The ICC’s “Philanthropists”: the Usual Suspects
Article audio sponsored by The John Birch Society

This is a follow-up article to yesterday’s "Big Push for UN’s International Criminal Court"

The International Criminal Court has been dependent on a vast support network of non-governmental organizations (NGOs) from the get-go. Long before the United Nations 1998 Rome conference which established the ICC, the UN’s army of NGO activists provided boots on the ground for aggressive lobbying of national governments to support creation of the tribunal.

At the Rome conference, the UN brought the raucus NGO rent-a-mob inside the convention site to turn up the pressure on the official national delegates. This correspondent sat in strategy meetings in Rome during which UN officials and NGO leaders coordinated their pressure cooker plans and conspired to neutralize opposition. The NGOs have been absolutely essential to the ICC — every step of the way. It is not an exaggeration to say that without the controlled NGO lobby there would not be an ICC. And the radical “human rights” NGOs are playing an indispensible role in the current campaign to boost the ICC to the next power level.

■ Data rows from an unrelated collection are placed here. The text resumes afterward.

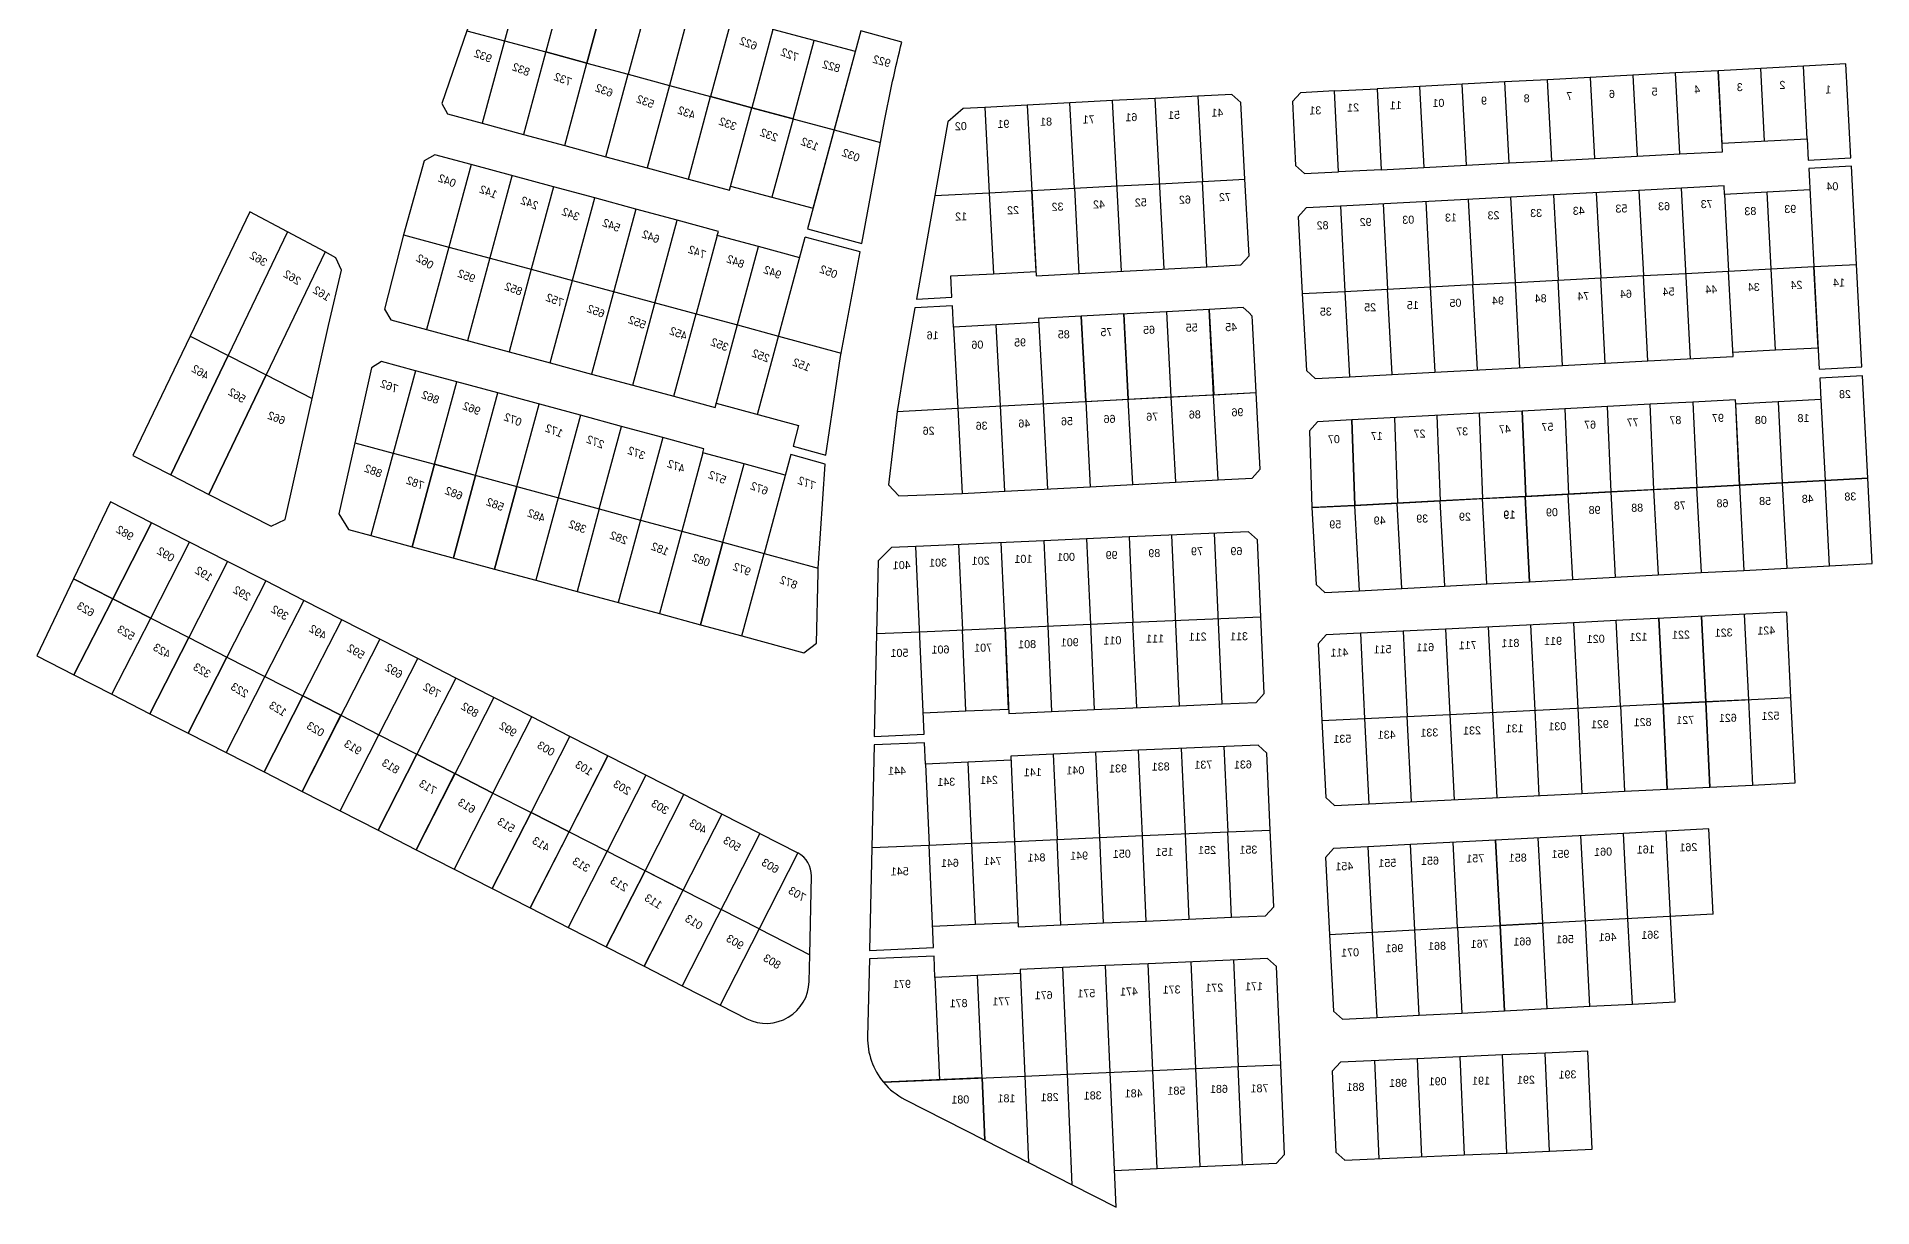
# Model space of a CAD drawing. Header units: metres. Extents: x 636710 to 637140, y 3301541 to 3301974.
# Drawn here: x 636710 to 637140, y 3301540.7 to 3301814.8 of the extents above; entities that cross this region are included whole.
import ezdxf

# ---------------------------------------------------------------- set-up
doc = ezdxf.new("R2010")
doc.units = ezdxf.units.M
doc.layers.add('ADim-tarh', color=252, linetype='Continuous')
doc.layers.add('poly', color=40, linetype='Continuous')
doc.styles.add('STYLE1', font='naskhd.shx', dxfattribs={"height": 0.7})

msp = doc.modelspace()

# ---------------------------------------------------------------- linework, layer by layer
at = {"layer": 'poly'}
for p, q in [((637133.78, 3301808.4), (637113.81, 3301807.35)), ((637043.91, 3301803.66), (637023.94, 3301802.61)), ((636868.9, 3301727.97), (636879.07, 3301765.63)), ((636837.33, 3301726.14), (636818.02, 3301731.36)), ((636856.64, 3301720.93), (636846.21, 3301682.31)), ((636945.91, 3301696.77), (636915.94, 3301695.44)), ((636917.88, 3301651.48), (636915.94, 3301695.44)), ((637119.92, 3301680.02), (637079.97, 3301678.06)), ((636996.07, 3301648.93), (636968.1, 3301647.7)), ((637051.73, 3301626.67), (637031.75, 3301625.63)), ((636998.28, 3301598.98), (636970.31, 3301597.74))]:
    msp.add_line(p, q, dxfattribs=at)
for points in [[(636824.79, 3301833.11), (636819.75, 3301834.47), (636817.12, 3301833.12), (636810.77, 3301816.18), (636819.57, 3301813.81)], [(636824.79, 3301833.11), (636814.36, 3301794.5), (636824.01, 3301791.89)], [(636834.44, 3301830.51), (636824.01, 3301791.89), (636833.66, 3301789.28), (636838.88, 3301808.59), (636829.23, 3301811.2)], [(636829.23, 3301811.2), (636838.88, 3301808.59), (636844.09, 3301827.9), (636834.44, 3301830.51)], [(636853.75, 3301825.29), (636844.09, 3301827.9), (636838.88, 3301808.59), (636848.53, 3301805.98)], [(636863.4, 3301822.68), (636853.75, 3301825.29), (636848.53, 3301805.98), (636858.19, 3301803.38)], [(636873.06, 3301820.08), (636863.4, 3301822.68), (636858.19, 3301803.38), (636867.84, 3301800.77)], [(636810.77, 3301816.18), (636804.92, 3301799.11), (636806.21, 3301796.7), (636814.36, 3301794.5)], [(636882.45, 3301816.5), (636882.71, 3301817.47), (636873.06, 3301820.08), (636867.84, 3301800.77), (636877.5, 3301798.16)], [(636887.15, 3301795.55), (636892.1, 3301813.9), (636882.45, 3301816.5), (636877.5, 3301798.16), (636896.8, 3301792.95)], [(636819.57, 3301813.81), (636829.23, 3301811.2)], [(636901.76, 3301811.29), (636892.1, 3301813.9)], [(636887.15, 3301795.55), (636882.2, 3301777.21), (636891.85, 3301774.6), (636901.76, 3301811.29)], [(637124.69, 3301790.9), (637123.8, 3301807.87)], [(637124.69, 3301790.9), (637124.96, 3301785.9), (637134.94, 3301786.43), (637133.78, 3301808.4)], [(636833.66, 3301789.28), (636843.32, 3301786.68), (636848.53, 3301805.98)], [(636858.19, 3301803.38), (636852.97, 3301784.07), (636862.63, 3301781.46), (636867.84, 3301800.77)], [(637033.92, 3301803.14), (637034.92, 3301784.16)], [(637044.91, 3301784.69), (637054.9, 3301785.21), (637053.89, 3301804.19), (637043.91, 3301803.66)], [(637044.91, 3301784.69), (637043.91, 3301803.66)], [(637054.9, 3301785.21), (637064.88, 3301785.74), (637063.88, 3301804.71), (637053.89, 3301804.19)], [(637073.87, 3301805.24), (637063.88, 3301804.71)], [(637083.85, 3301805.77), (637073.87, 3301805.24), (637074.87, 3301786.27), (637094.84, 3301787.32)], [(637094.84, 3301787.32), (637093.84, 3301806.29), (637083.85, 3301805.77), (637084.85, 3301786.79)], [(637094.84, 3301787.32), (637104.83, 3301787.85), (637103.83, 3301806.82), (637093.84, 3301806.29)], [(637114.71, 3301790.37), (637113.81, 3301807.35), (637103.83, 3301806.82), (637104.72, 3301789.84), (637124.69, 3301790.9)], [(636862.63, 3301781.46), (636872.28, 3301778.85), (636877.5, 3301798.16), (636867.84, 3301800.77)], [(636942.03, 3301798.75), (636932.04, 3301798.23), (636933.09, 3301778.26), (636943.08, 3301778.78)], [(636962, 3301799.81), (636942.03, 3301798.75), (636943.08, 3301778.78), (636953.07, 3301779.31), (636952.01, 3301799.28)], [(636971.99, 3301800.33), (636962, 3301799.81)], [(636964.11, 3301759.86), (636962, 3301799.81)], [(636981.97, 3301800.86), (636971.99, 3301800.33)], [(636974.09, 3301760.39), (636971.99, 3301800.33)], [(636992.06, 3301799.39), (636989.96, 3301801.28), (636981.97, 3301800.86), (636983.03, 3301780.89), (636993.01, 3301781.41), (636992.06, 3301799.39)], [(637014, 3301802.08), (637013.99, 3301802.08), (637005.98, 3301801.66), (637004.11, 3301799.6), (637004.84, 3301784.62), (637006.94, 3301782.72), (637014.93, 3301783.11), (637014, 3301802.08)], [(637014, 3301802.08), (637013.99, 3301802.08), (637023.94, 3301802.61), (637024.94, 3301783.63), (637014.93, 3301783.11), (637014, 3301802.08)], [(636887.15, 3301795.55), (636877.5, 3301798.16)], [(636932.04, 3301798.23), (636926.97, 3301797.96), (636923.45, 3301794.85), (636920.38, 3301777.59), (636933.09, 3301778.26)], [(636896.8, 3301792.95), (636890.55, 3301769.78), (636903.23, 3301766.35), (636907.65, 3301790.02)], [(636811.75, 3301784.84), (636803.23, 3301787.14), (636800.76, 3301785.74), (636795.88, 3301768.41), (636806.53, 3301765.54)], [(636843.32, 3301786.68), (636852.97, 3301784.07)], [(637064.88, 3301785.74), (637074.87, 3301786.27)], [(636831.06, 3301779.63), (636811.75, 3301784.84), (636806.53, 3301765.54), (636816.19, 3301762.93)], [(636810.97, 3301743.62), (636821.4, 3301782.24)], [(637024.94, 3301783.63), (637044.91, 3301784.69)], [(637135.05, 3301784.43), (637125.06, 3301783.91), (637126.27, 3301760.94), (637136.26, 3301761.46), (637135.05, 3301784.43)], [(636840.71, 3301777.02), (636831.06, 3301779.63), (636825.84, 3301760.32), (636835.5, 3301757.71)], [(636872.54, 3301779.82), (636882.2, 3301777.21)], [(636920.38, 3301777.59), (636916.07, 3301753.32), (636924.37, 3301753.76), (636924.11, 3301758.76), (636934.09, 3301759.28)], [(636933.09, 3301778.26), (636934.09, 3301759.28), (636944.08, 3301759.81), (636943.08, 3301778.78)], [(636943.08, 3301778.78), (636944.13, 3301758.81), (636954.12, 3301759.34)], [(636953.07, 3301779.31), (636963.05, 3301779.84)], [(636953.07, 3301779.31), (636954.12, 3301759.34), (636984.08, 3301760.92)], [(636963.05, 3301779.84), (636973.04, 3301780.36)], [(636973.04, 3301780.36), (636983.03, 3301780.89)], [(636984.08, 3301760.92), (636983.03, 3301780.89)], [(636984.08, 3301760.92), (636992.07, 3301761.34), (636993.96, 3301763.44), (636993.01, 3301781.41)], [(637065.3, 3301777.75), (637055.32, 3301777.23)], [(637085.27, 3301778.8), (637065.3, 3301777.75), (637066.36, 3301757.78)], [(637075.29, 3301778.28), (637076.34, 3301758.31), (637086.33, 3301758.83)], [(637095.26, 3301779.33), (637085.27, 3301778.8), (637086.33, 3301758.83), (637096.31, 3301759.36)], [(637105.35, 3301777.86), (637105.25, 3301779.86), (637095.26, 3301779.33)], [(637097.37, 3301739.39), (637095.26, 3301779.33)], [(637115.34, 3301778.39), (637105.35, 3301777.86), (637106.3, 3301759.89), (637116.29, 3301760.41), (637115.34, 3301778.39)], [(637125.32, 3301778.91), (637115.34, 3301778.39)], [(636768.71, 3301769.1), (636759.89, 3301773.81), (636745.91, 3301744.68), (636754.82, 3301740.13)], [(636825.84, 3301760.32), (636820.63, 3301741.01), (636830.28, 3301738.41), (636840.71, 3301777.02)], [(636850.36, 3301774.41), (636839.93, 3301735.8), (636849.59, 3301733.19), (636860.02, 3301771.81)], [(636850.36, 3301774.41), (636840.71, 3301777.02)], [(636860.02, 3301771.81), (636850.36, 3301774.41)], [(637015.37, 3301775.12), (637007.38, 3301774.7), (637005.49, 3301772.6), (637006.44, 3301754.62), (637016.42, 3301755.15)], [(637055.32, 3301777.23), (637015.37, 3301775.12), (637016.42, 3301755.15), (637026.41, 3301755.67)], [(637025.36, 3301775.65), (637026.41, 3301755.67), (637036.4, 3301756.2)], [(637035.34, 3301776.17), (637036.4, 3301756.2), (637046.38, 3301756.73)], [(637045.33, 3301776.7), (637046.38, 3301756.73), (637056.37, 3301757.25), (637055.32, 3301777.23)], [(636777.54, 3301764.38), (636768.71, 3301769.1), (636754.82, 3301740.13), (636763.73, 3301735.58)], [(636869.41, 3301768.23), (636869.67, 3301769.2), (636860.02, 3301771.81)], [(636778.32, 3301747.15), (636781.37, 3301760.15), (636780.06, 3301763.04), (636777.54, 3301764.38), (636763.73, 3301735.58), (636774.52, 3301730.07)], [(636795.88, 3301768.41), (636791.49, 3301750.95), (636792.93, 3301748.49), (636801.32, 3301746.23)], [(636806.53, 3301765.54), (636801.32, 3301746.23), (636820.63, 3301741.01)], [(636879.07, 3301765.63), (636869.41, 3301768.23), (636864.46, 3301749.89), (636874.11, 3301747.28)], [(636878.81, 3301726.33), (636890.02, 3301767.85)], [(636888.72, 3301763.02), (636879.07, 3301765.63)], [(636883.77, 3301744.68), (636898.45, 3301740.71), (636902.87, 3301764.38), (636890.02, 3301767.85)], [(636816.19, 3301762.93), (636825.84, 3301760.32)], [(637107.3, 3301740.91), (637117.29, 3301741.44), (637116.29, 3301760.41)], [(637116.29, 3301760.41), (637126.27, 3301760.94)], [(637117.29, 3301741.44), (637127.27, 3301741.96), (637126.27, 3301760.94)], [(637126.27, 3301760.94), (637127.54, 3301736.97), (637137.52, 3301737.5), (637136.26, 3301761.46)], [(636835.5, 3301757.71), (636864.46, 3301749.89)], [(637036.4, 3301756.2), (637037.45, 3301736.23), (637067.41, 3301737.81)], [(637047.44, 3301736.75), (637046.38, 3301756.73)], [(637056.37, 3301757.25), (637076.34, 3301758.31)], [(637057.42, 3301737.28), (637056.37, 3301757.25)], [(637067.41, 3301737.81), (637066.36, 3301757.78)], [(637067.41, 3301737.81), (637077.39, 3301738.33), (637076.34, 3301758.31)], [(637077.39, 3301738.33), (637087.38, 3301738.86), (637086.33, 3301758.83)], [(637096.31, 3301759.36), (637106.3, 3301759.89)], [(637107.35, 3301739.91), (637106.3, 3301759.89)], [(636924.74, 3301746.77), (636924.48, 3301751.77), (636915.71, 3301751.3), (636913.2, 3301737.19), (636911.58, 3301727.05), (636925.74, 3301727.8)], [(637006.44, 3301754.62), (637007.39, 3301736.65), (637009.49, 3301734.75), (637017.48, 3301735.18)], [(637016.42, 3301755.15), (637017.48, 3301735.18), (637037.45, 3301736.23)], [(637027.46, 3301735.7), (637026.41, 3301755.67)], [(636849.59, 3301733.19), (636859.24, 3301730.58), (636864.46, 3301749.89)], [(636874.11, 3301747.28), (636883.77, 3301744.68)], [(636944.71, 3301747.83), (636924.74, 3301746.77), (636925.74, 3301727.8), (636995.64, 3301731.48)], [(636935.73, 3301728.33), (636934.73, 3301747.3)], [(636955.7, 3301729.38), (636954.65, 3301749.35), (636944.66, 3301748.82), (636945.71, 3301728.85)], [(636964.63, 3301749.88), (636954.65, 3301749.35), (636955.7, 3301729.38), (636965.69, 3301729.9), (636964.63, 3301749.88)], [(636974.62, 3301750.4), (636965.38, 3301749.91), (636964.63, 3301749.85), (636965.69, 3301729.9), (636975.67, 3301730.43)], [(636984.6, 3301750.92), (636974.62, 3301750.4), (636975.67, 3301730.43), (636985.66, 3301730.96), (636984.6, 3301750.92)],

The ICC’s multitudinous, multinational, multilingual NGO choir is composed of a global network of hundreds of organizations designed to give the impression of popular planetary consensus. However, the old adage, “He who pays the piper calls the tunes,” applies here. And the paymasters who are calling the tunes are a familiar lot. They are the same big tax-exempt foundations aligned with the Council on Foreign Relations (CFR) that have been funding the movement for world government (although they now prefer to call it “global governance”) for much of the past century: Ford, Rockefeller, and Carnegie. To these have been added more recent massive largesse from George Soros’s Open Society foundations, the John D. and Catherine T. MacArthur Foundation, the Communitas Foundation, and the Sigrid Rausing Trust, as well as direct taxpayer funding through the U.S. State Department, the European Union, and the foreign ministries of Germany, France, Belgium, Italy, and many other European nations.

The Soros network of foundations has been an especially significant source of pro-ICC funding, providing much of the financial support, for instance, for the 2009 documentary The Reckoning: The Battle for the International Criminal Court.

A brief look at some of the principal organizations comprising the leadership of the NGO choir is sufficient to confirm that they are indeed singing for the same globalist paymasters. The top tier of the ICC’s NGO lobby includes the Coalition for an International Criminal Court (CICC), the World Federalist Movement-Institute for Global Policy (WFM-IGP), Human Rights Watch (HRW), the International Center for Transitional Justice (ICTJ), No Peace Without Justice (NPWJ) and the European Council on Foreign Relations (ECFR).

The Coalition for an International Criminal Court claims an impressive membership of “more than 2,500 civil society organizations in 150 countries.” Nevertheless, it is merely a world federalist front group and shares the same staff, advisors, and donors as the WFM-IGP. In fact its physical mailing address is: “c/o WFM, 708 3rd Avenue, 24th Floor, New York, NY 10017, USA.” That location is but a short walk from UN headquarters.

The CICC’s web site tells us:

The Coalition is deeply appreciative of the generous support provided … by the European Union, the Ford Foundation, the John D. and Catherine T. MacArthur Foundation, the Open Society Institute, the Sigrid Rausing Trust … as well as by the governments of Austria, Belgium, Denmark, Finland ….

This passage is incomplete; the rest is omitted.